> TO DO
An exact, complete copy of the lines below is the expected answer.

[Stored entries]
★ ★ ★
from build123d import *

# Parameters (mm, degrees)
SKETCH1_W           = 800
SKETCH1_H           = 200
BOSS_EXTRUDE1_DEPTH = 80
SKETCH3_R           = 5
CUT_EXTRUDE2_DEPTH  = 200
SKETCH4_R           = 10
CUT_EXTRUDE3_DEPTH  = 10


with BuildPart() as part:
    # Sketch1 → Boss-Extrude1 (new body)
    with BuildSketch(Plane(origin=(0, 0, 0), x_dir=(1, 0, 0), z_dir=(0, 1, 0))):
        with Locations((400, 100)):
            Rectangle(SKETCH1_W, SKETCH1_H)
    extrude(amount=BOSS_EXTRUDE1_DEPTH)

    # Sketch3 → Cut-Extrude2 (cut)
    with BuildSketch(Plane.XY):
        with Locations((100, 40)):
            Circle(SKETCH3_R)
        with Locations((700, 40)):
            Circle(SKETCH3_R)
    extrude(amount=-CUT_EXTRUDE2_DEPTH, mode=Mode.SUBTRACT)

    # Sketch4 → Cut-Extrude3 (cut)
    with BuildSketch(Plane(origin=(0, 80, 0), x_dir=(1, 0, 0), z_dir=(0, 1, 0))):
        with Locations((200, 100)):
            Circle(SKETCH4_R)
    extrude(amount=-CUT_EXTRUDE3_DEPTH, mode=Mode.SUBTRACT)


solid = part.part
★ ★ ★
> THE COMPLETED TASK
from build123d import *

# Parameters (mm, degrees)
SKETCH1_W           = 800
SKETCH1_H           = 200
BOSS_EXTRUDE1_DEPTH = 80
SKETCH3_R           = 5
CUT_EXTRUDE2_DEPTH  = 200
SKETCH4_R           = 10
CUT_EXTRUDE3_DEPTH  = 10


with BuildPart() as part:
    # Sketch1 → Boss-Extrude1 (new body)
    with BuildSketch(Plane(origin=(0, 0, 0), x_dir=(1, 0, 0), z_dir=(0, 1, 0))):
        with Locations((400, 100)):
            Rectangle(SKETCH1_W, SKETCH1_H)
    extrude(amount=BOSS_EXTRUDE1_DEPTH)

    # Sketch3 → Cut-Extrude2 (cut)
    with BuildSketch(Plane.XY):
        with Locations((100, 40)):
            Circle(SKETCH3_R)
        with Locations((700, 40)):
            Circle(SKETCH3_R)
    extrude(amount=-CUT_EXTRUDE2_DEPTH, mode=Mode.SUBTRACT)

    # Sketch4 → Cut-Extrude3 (cut)
    with BuildSketch(Plane(origin=(0, 80, 0), x_dir=(1, 0, 0), z_dir=(0, 1, 0))):
        with Locations((200, 100)):
            Circle(SKETCH4_R)
    extrude(amount=-CUT_EXTRUDE3_DEPTH, mode=Mode.SUBTRACT)


solid = part.part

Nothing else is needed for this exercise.